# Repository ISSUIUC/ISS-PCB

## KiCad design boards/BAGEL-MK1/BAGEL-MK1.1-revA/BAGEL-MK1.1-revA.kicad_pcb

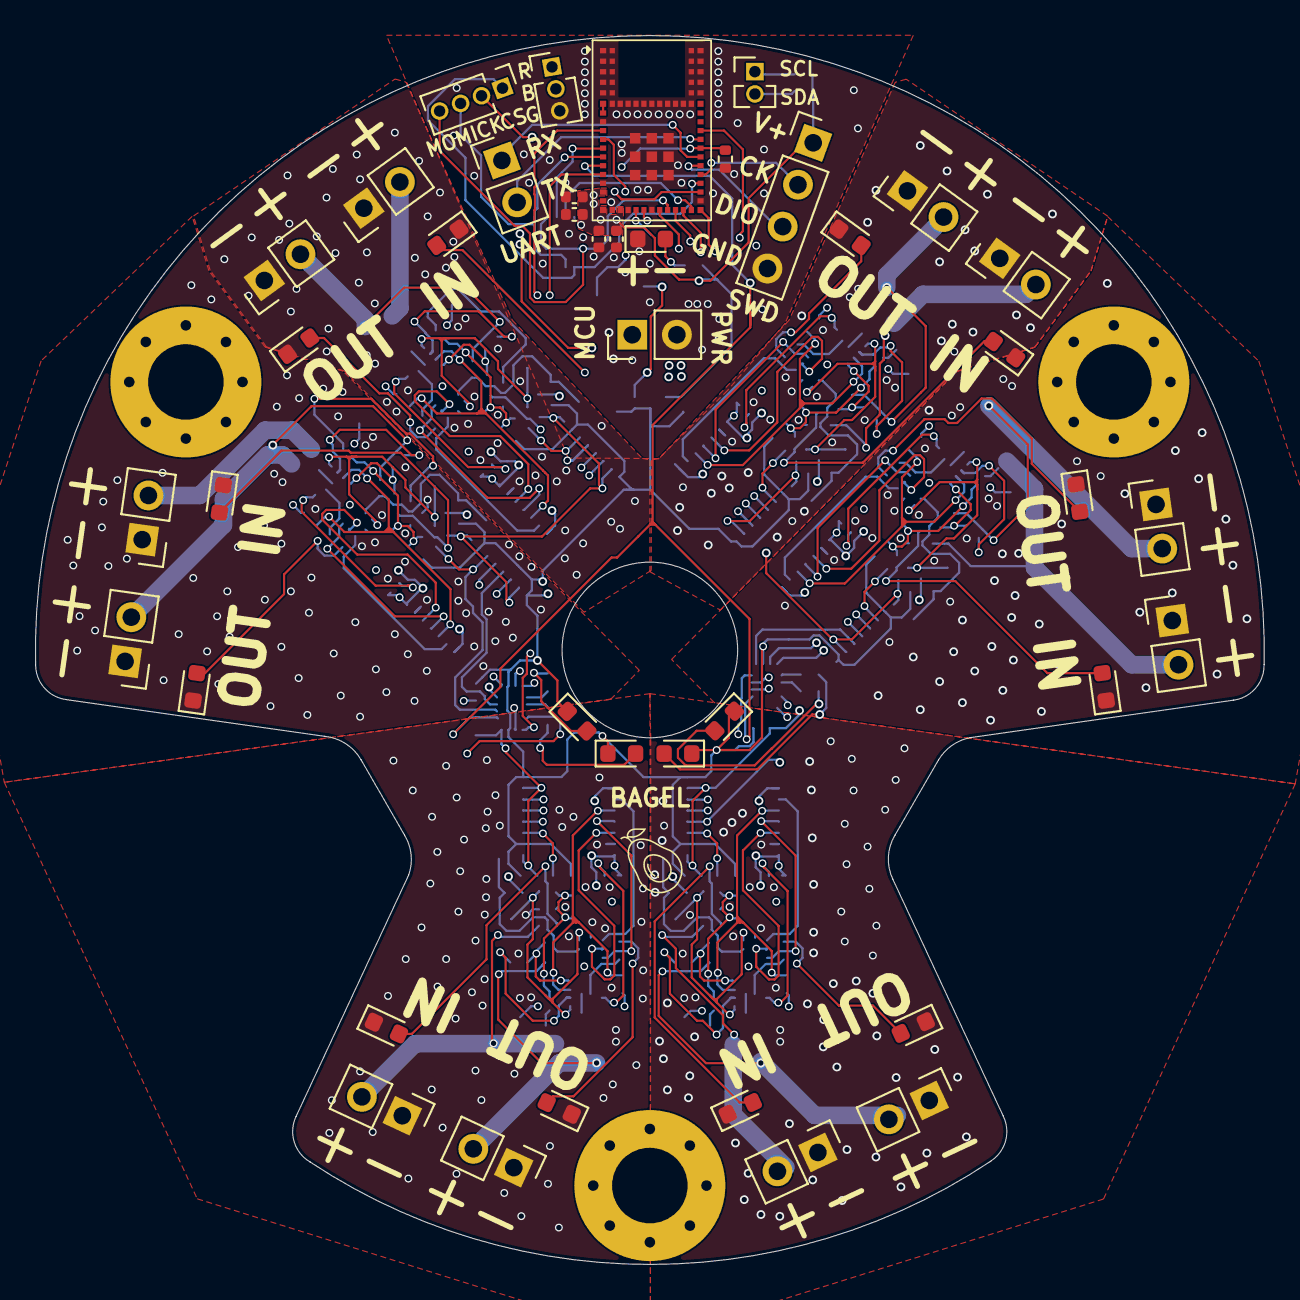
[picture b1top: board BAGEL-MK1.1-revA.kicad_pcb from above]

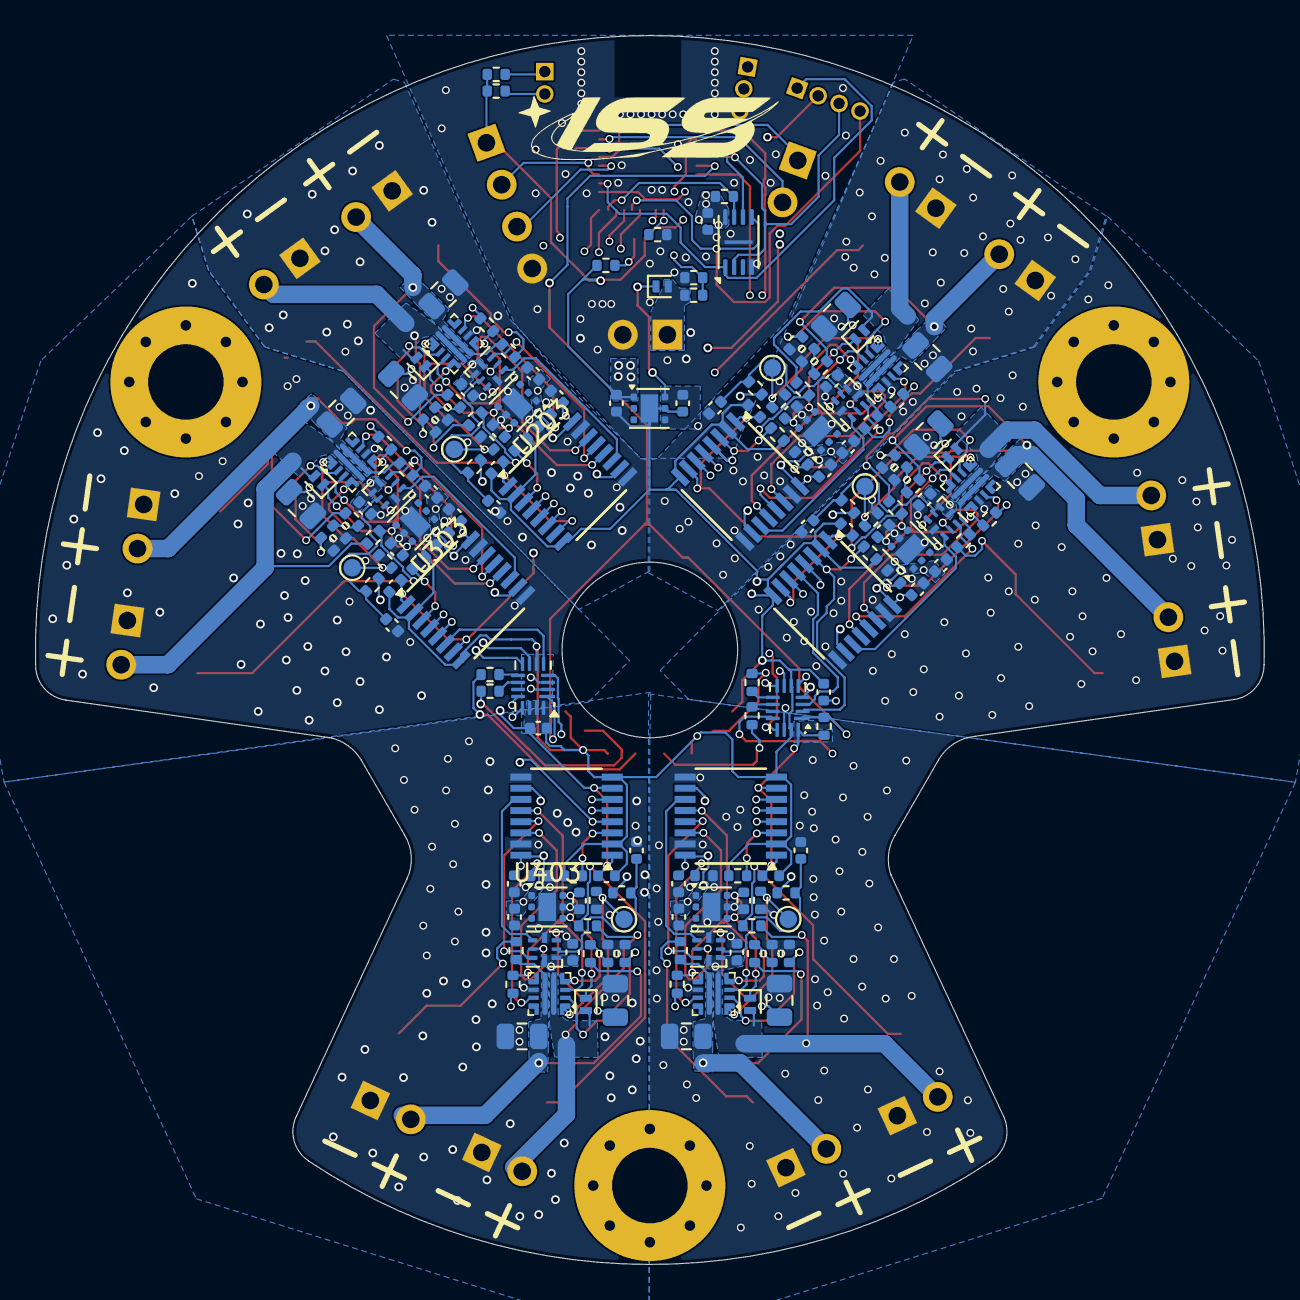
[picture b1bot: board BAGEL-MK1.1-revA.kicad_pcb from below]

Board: 4 copper layers, 70.0 x 70.0 mm, 210 parts (166 on the bottom side), 144 nets.

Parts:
C101, C103, C104, C105, C108, C109, C201, C202, C203, C207, C301, C302, C303, C307, C401, C402, C403, C407, C501, C502, C503, C507, C601, C602, C603, C607, C701, C702, C703, C707: 100nF; C_0402_1005Metric
C102: 4.7uF; C_0402_1005Metric
C106, C204, C304, C404, C504, C604, C704: 1uF; C_0402_1005Metric
C107, C205, C305, C405, C505, C605, C705: 2.2uF; C_0402_1005Metric
C206, C306, C406, C506, C606, C706: 100uF; C_0805_2012Metric
C208, C308, C408, C508, C608, C708: 22uF; C_0805_2012Metric
D101, D201, D301, D401, D501, D601, D701: SDM05U40CSP-7; D_SOD-882
D102, D103, D202, D302, D402, D502, D602, D702: RED; LED_0603_1608Metric
D104: ORANGE; LED_0603_1608Metric
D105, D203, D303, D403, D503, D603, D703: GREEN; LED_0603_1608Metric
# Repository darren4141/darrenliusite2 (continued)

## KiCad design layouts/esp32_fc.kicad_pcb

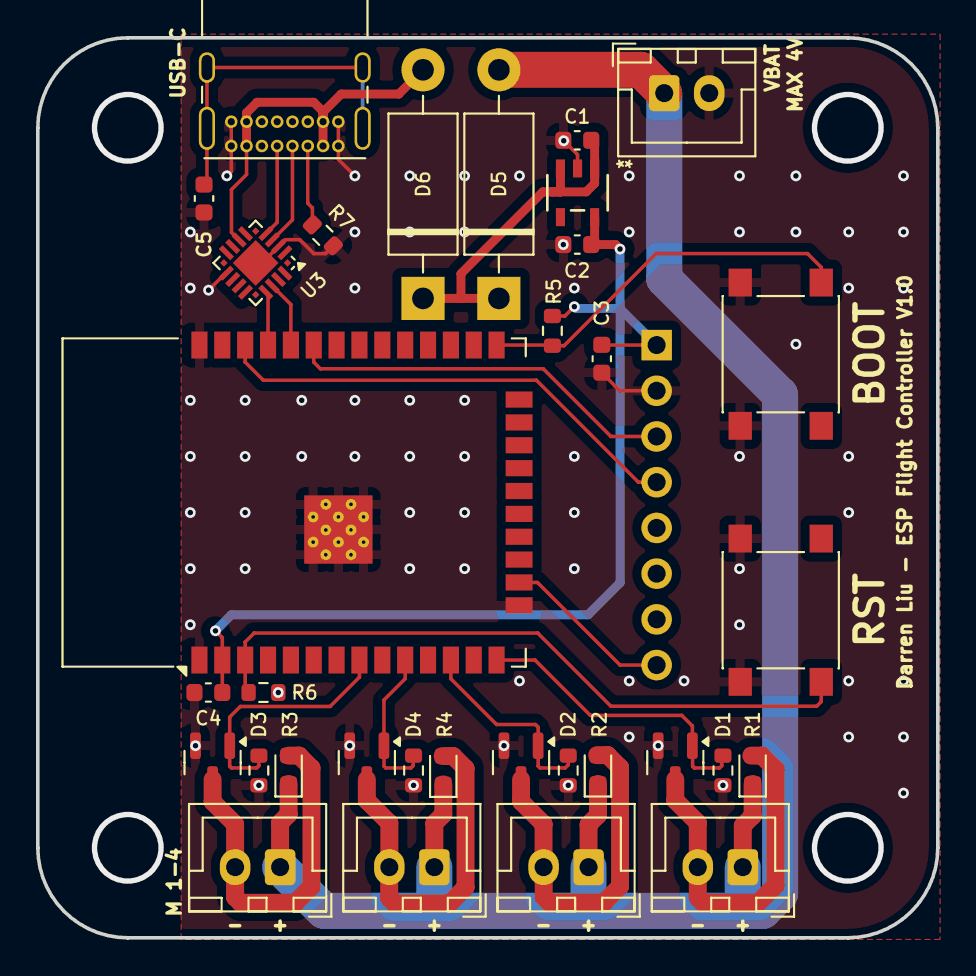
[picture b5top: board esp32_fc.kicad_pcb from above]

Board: 2 copper layers, 50.0 x 50.0 mm, 34 parts (1 on the bottom side), 24 nets.

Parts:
C1, C2, C3, C4, C5: 1uF; C_0603_1608Metric
D1, D2, D3, D4: LED; LED_0603_1608Metric
D5, D6: D; D_DO-15_P12.70mm_Horizontal
J1, J2, J3, J4, J5: Conn_01x02_Pin; JST_XH_B2B-XH-A_1x02_P2.50mm_Vertical
J6: Conn_01x08_Socket; PinSocket_1x08_P2.54mm_Vertical
J7: USB_C_Receptacle_USB2.0_16P; USB_C_Receptacle_GCT_USB4085
Q1, Q2, Q3, Q4: IRLML6244; SOT-23
R1, R2, R3, R4: 10K; R_0603_1608Metric
R5, R6: R; R_0603_1608Metric
R7: 5.1K; R_0603_1608Metric
SW1, SW2: SW_SPST; SW_SPST_PTS645
U1: ESP32-WROOM-32D
U2: AP2112K-3.3TRG1; SOT_RG1_DIO
U3: CP2102N-Axx-xQFN20; SiliconLabs_QFN-20-1EP_3x3mm_P0.5mm_EP1.8x1.8mm

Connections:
3.7V: D1.1 (K), D2.1 (K), D3.1 (K), D4.1 (K), D5.2 (A), J1.1, J2.1, J3.1, J4.1, J5.1
3V3: C2.2, C3.2, C4.1, J6.1, R5.2, R6.2, U1.2 (VDD), U2.5 (VOUT)
5V: D6.2 (A), J7.A4 (VBUS), J7.A9 (VBUS), J7.B4 (VBUS), J7.B9 (VBUS), U3.8 (VBUS)
D+: J7.A6 (D+), U3.4 (D+)
D-: J7.A7 (D-), U3.5 (D-)
GND: C1.1, C2.1, C3.1, C4.2, C5.2, J5.2, J6.2, J7.A1 (GND), J7.A12 (GND), J7.B1 (GND), J7.B12 (GND), Q1.2 (S), Q2.2 (S), Q3.2 (S), Q4.2 (S), R1.2, R2.2, R3.2, R4.2, R7.2, SW1.1 (A), SW2.2 (B), U1.1 (GND), U1.15 (GND), U1.38 (GND), U1.39 (GND), U2.2 (GND), U3.3 (GND), U3.12 (GND), U3.21 (GND)
GPIO1: U1.35 (TXD0/IO1), U3.17 (RXD)
GPIO3: U1.34 (RXD0/IO3), U3.18 (TXD)
GPIO12: Q1.1 (G), R1.1, U1.14 (IO12)
GPIO21: J6.3, U1.33 (IO21)
GPIO22: J6.4, U1.36 (IO22)
GPIO25: Q4.1 (G), R4.1, U1.10 (IO25)
GPIO27: Q2.1 (G), R2.1, U1.12 (IO27)
GPIO32: Q3.1 (G), R3.1, U1.8 (IO32)
INT: J6.8, U1.16 (IO13)
unnamed: D1.2 (A), J1.2, Q1.3 (D)
unnamed: D2.2 (A), J2.2, Q2.3 (D)
unnamed: D3.2 (A), J3.2, Q3.3 (D)
unnamed: D4.2 (A), J4.2, Q4.3 (D)
unnamed: C1.2, D5.1 (K), D6.1 (K), U2.1 (VIN), U2.3 (EN)
unnamed: J7.A5 (CC1), R7.1
unnamed: C5.1, J7.S1 (SHIELD)
unnamed: R6.1, SW1.2 (B), U1.3 (EN)
unnamed: R5.1, SW2.1 (A), U1.25 (IO0)

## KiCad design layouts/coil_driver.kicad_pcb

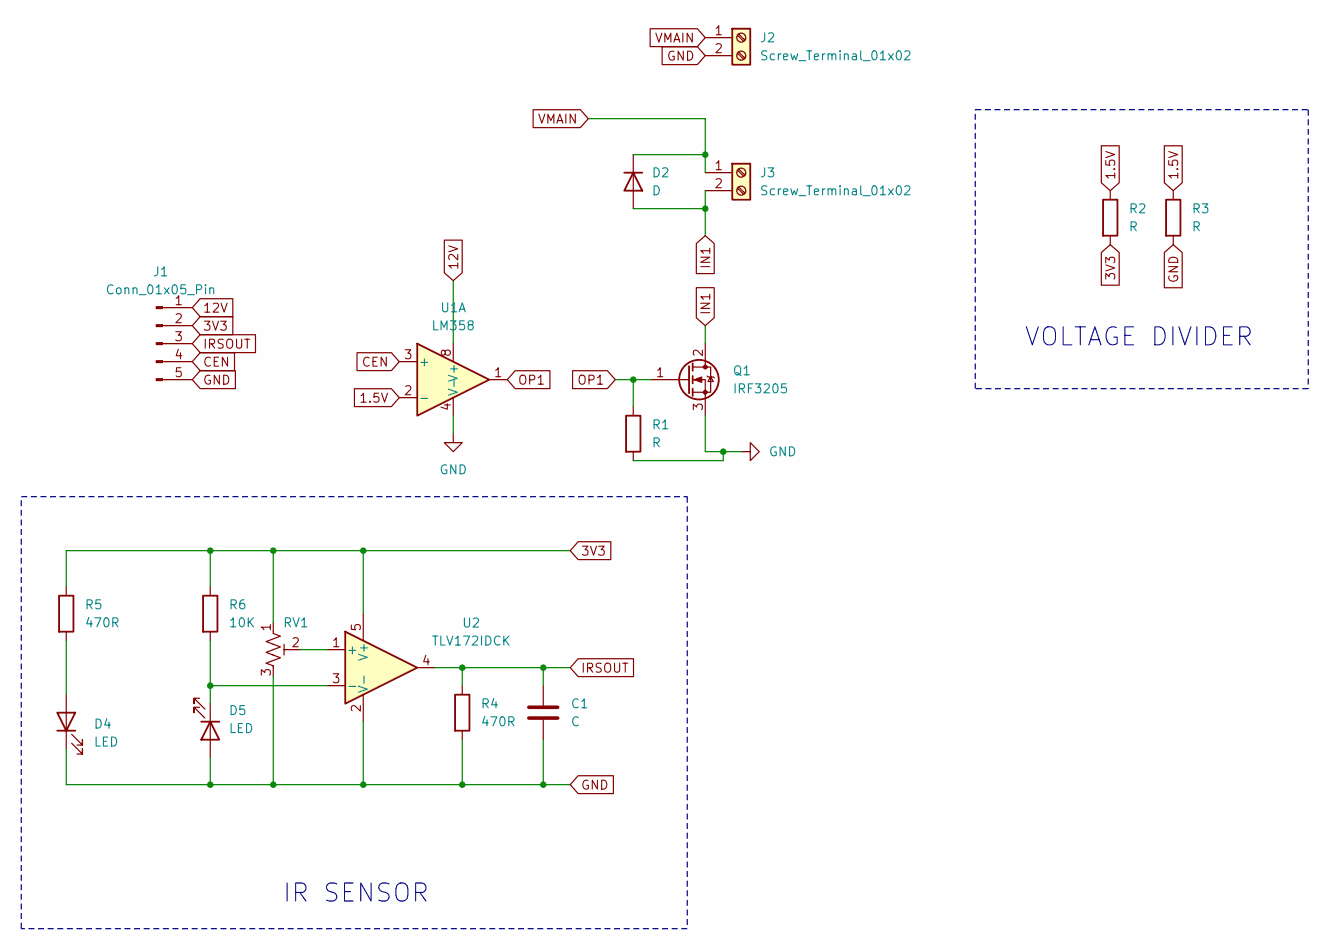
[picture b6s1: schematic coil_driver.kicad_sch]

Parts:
C1: C; C_0603_1608Metric
D2: D; D_0603_1608Metric
D4, D5: LED; LED_D3.0mm
J1: Conn_01x05_Pin; JST_XH_B5B-XH-AM_1x05_P2.50mm_Vertical
J2, J3: Screw_Terminal_01x02; TerminalBlock_Xinya_XY308-2.54-2P_1x02_P2.54mm_Horizontal
Q1: IRF3205; TO-220-3_Vertical
R1, R2, R3: R; R_0603_1608Metric
R4, R5: 470R; R_0603_1608Metric
R6: 10K; R_0603_1608Metric
RV1: R_Potentiometer_Trim_US; Potentiometer_Bourns_3214J_Horizontal
U1: LM358; DIP-8_W7.62mm
U2: TLV172IDCK; SOT-353_SC-70-5

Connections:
1.5V: R2.1, R3.1, U1.2 (-)
3V3: J1.2, R2.2, R5.1, R6.1, RV1.1, U2.5 (V+)
12V: J1.1, U1.8 (V+)
CEN: J1.4, U1.3 (+)
GND: C1.2, D4.1 (K), D5.2 (A), J1.5, J2.2, Q1.3 (S), R1.2, R3.2, R4.2, RV1.3, U1.4 (V-), U2.2 (V-)
IN1: D2.2 (A), J3.2, Q1.2 (D)
IRSOUT: C1.1, J1.3, R4.1, U2.4
unnamed: D4.2 (A), R5.2
unnamed: D5.1 (K), R6.2, U2.3 (-)
unnamed: RV1.2, U2.1 (+)
OP1: Q1.1 (G), R1.1, U1.1
VMAIN: D2.1 (K), J2.1, J3.1

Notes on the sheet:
VOLTAGE DIVIDER
IR SENSOR

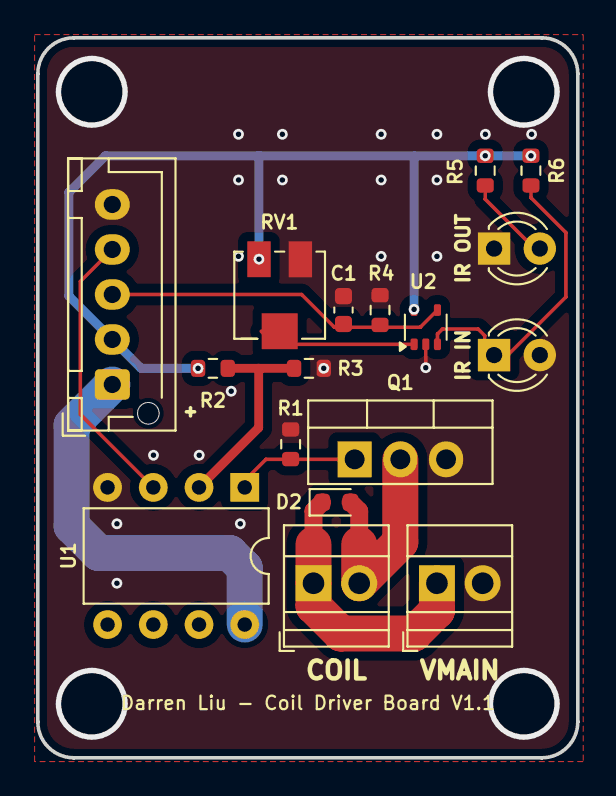
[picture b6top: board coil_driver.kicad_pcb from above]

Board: 2 copper layers, 30.0 x 40.0 mm, 17 parts (0 on the bottom side), 12 nets.

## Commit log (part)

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2024-09-24 aaaa
2024-09-24 added another seciton to project 1
2024-09-24 added 4 & 5
2024-10-01 text formatting
2024-10-01 project 2
2024-10-01 Create CNAME
2024-10-01 added picture for proj 4
2024-10-01 commented some stuff out
2024-10-02 gifs and reactive page
2024-10-02 project images
2024-10-02 added a flowchart
2024-10-05 restyling
2024-10-07 front page reformatting
2024-10-08 more detail in descriptions
2024-10-09 links and icon
2024-10-10 new resume and icon
2024-10-10 more detail and gifs
2024-10-10 subtitles
2024-10-13 test commit
2024-11-09 new res
2024-11-11 enw res
2024-11-17 links
2025-01-19 added images
2025-01-19 low level code section
2025-01-22 image update prj 2
2025-01-22 grammar and shi
2025-01-23 updated images
2025-01-24 more stuff for proj 2
2025-01-26 more description
2025-01-26 more details
2025-01-26 updated link
2025-01-29 webpage stuff
2025-01-29 resize image
2025-01-31 made site reactive
2025-03-04 text fix
2025-04-09 mroe stuff
2025-04-11 new images
2025-05-13 drone section
2025-05-13 project 5
2025-05-13 update to project 6
2025-05-17 animation
2025-05-18 pcb viewer window
2025-05-18 diff board
2025-05-20 coil board
2025-05-20 faster image loading
2025-05-20 new cover photo
2025-05-23 schematics and schematic vuewer test
2025-05-23 kicanvas schematic viewer
2025-05-24 changed one of the schematics
2025-05-24 changed espfc schematic
2025-05-24 schematic and layout viewer
2025-05-24 nojekyll file
2025-05-24 pcb viewer fix
2025-05-27 css redo
2025-07-06 word changing
2025-07-06 words
2025-07-09 secret sauce
2025-07-09 auto spinning + some other stuff
2025-07-09 added pcb viewer
2025-07-09 formatting
2025-07-09 sum text'
2025-07-12 auto rotate
2025-12-26 added cm4 board to pcb viewer
2025-12-30 more viewers
2025-12-30 pcb viewers only rotate when visited
2025-12-30 added modals
2025-12-31 added projects
2025-12-31 added more details and models
2026-01-10 added new project
2026-01-10 project 8 more details
2026-01-10 more detail project 8
2026-01-14 resume upd
2026-05-11 added readme
2026-05-19 moved CNAME
2026-05-19 removed readme
2026-05-19 remove CNAME file
2026-05-20 remove
2026-06-15 start of rework
2026-06-16 reword continued

━━━━━━━━━━━━━━━━━━━━━━━━━━━━━━

* _Action item_: Retype, exactly and with no pictures, everything above from the line with "U1: LM358; DIP-8_W7.62mm" down to the line with "2024-09-24 aaaa", both included.

* _Solution to the problem_:
U1: LM358; DIP-8_W7.62mm
U2: TLV172IDCK; SOT-353_SC-70-5

Connections:
1.5V: R2.1, R3.1, U1.2 (-)
3V3: J1.2, R2.2, R5.1, R6.1, RV1.1, U2.5 (V+)
12V: J1.1, U1.8 (V+)
CEN: J1.4, U1.3 (+)
GND: C1.2, D4.1 (K), D5.2 (A), J1.5, J2.2, Q1.3 (S), R1.2, R3.2, R4.2, RV1.3, U1.4 (V-), U2.2 (V-)
IN1: D2.2 (A), J3.2, Q1.2 (D)
IRSOUT: C1.1, J1.3, R4.1, U2.4
unnamed: D4.2 (A), R5.2
unnamed: D5.1 (K), R6.2, U2.3 (-)
unnamed: RV1.2, U2.1 (+)
OP1: Q1.1 (G), R1.1, U1.1
VMAIN: D2.1 (K), J2.1, J3.1

Notes on the sheet:
VOLTAGE DIVIDER
IR SENSOR

[picture b6top: board coil_driver.kicad_pcb from above]

Board: 2 copper layers, 30.0 x 40.0 mm, 17 parts (0 on the bottom side), 12 nets.

## Commit log (part)

2024-09-24 aaaa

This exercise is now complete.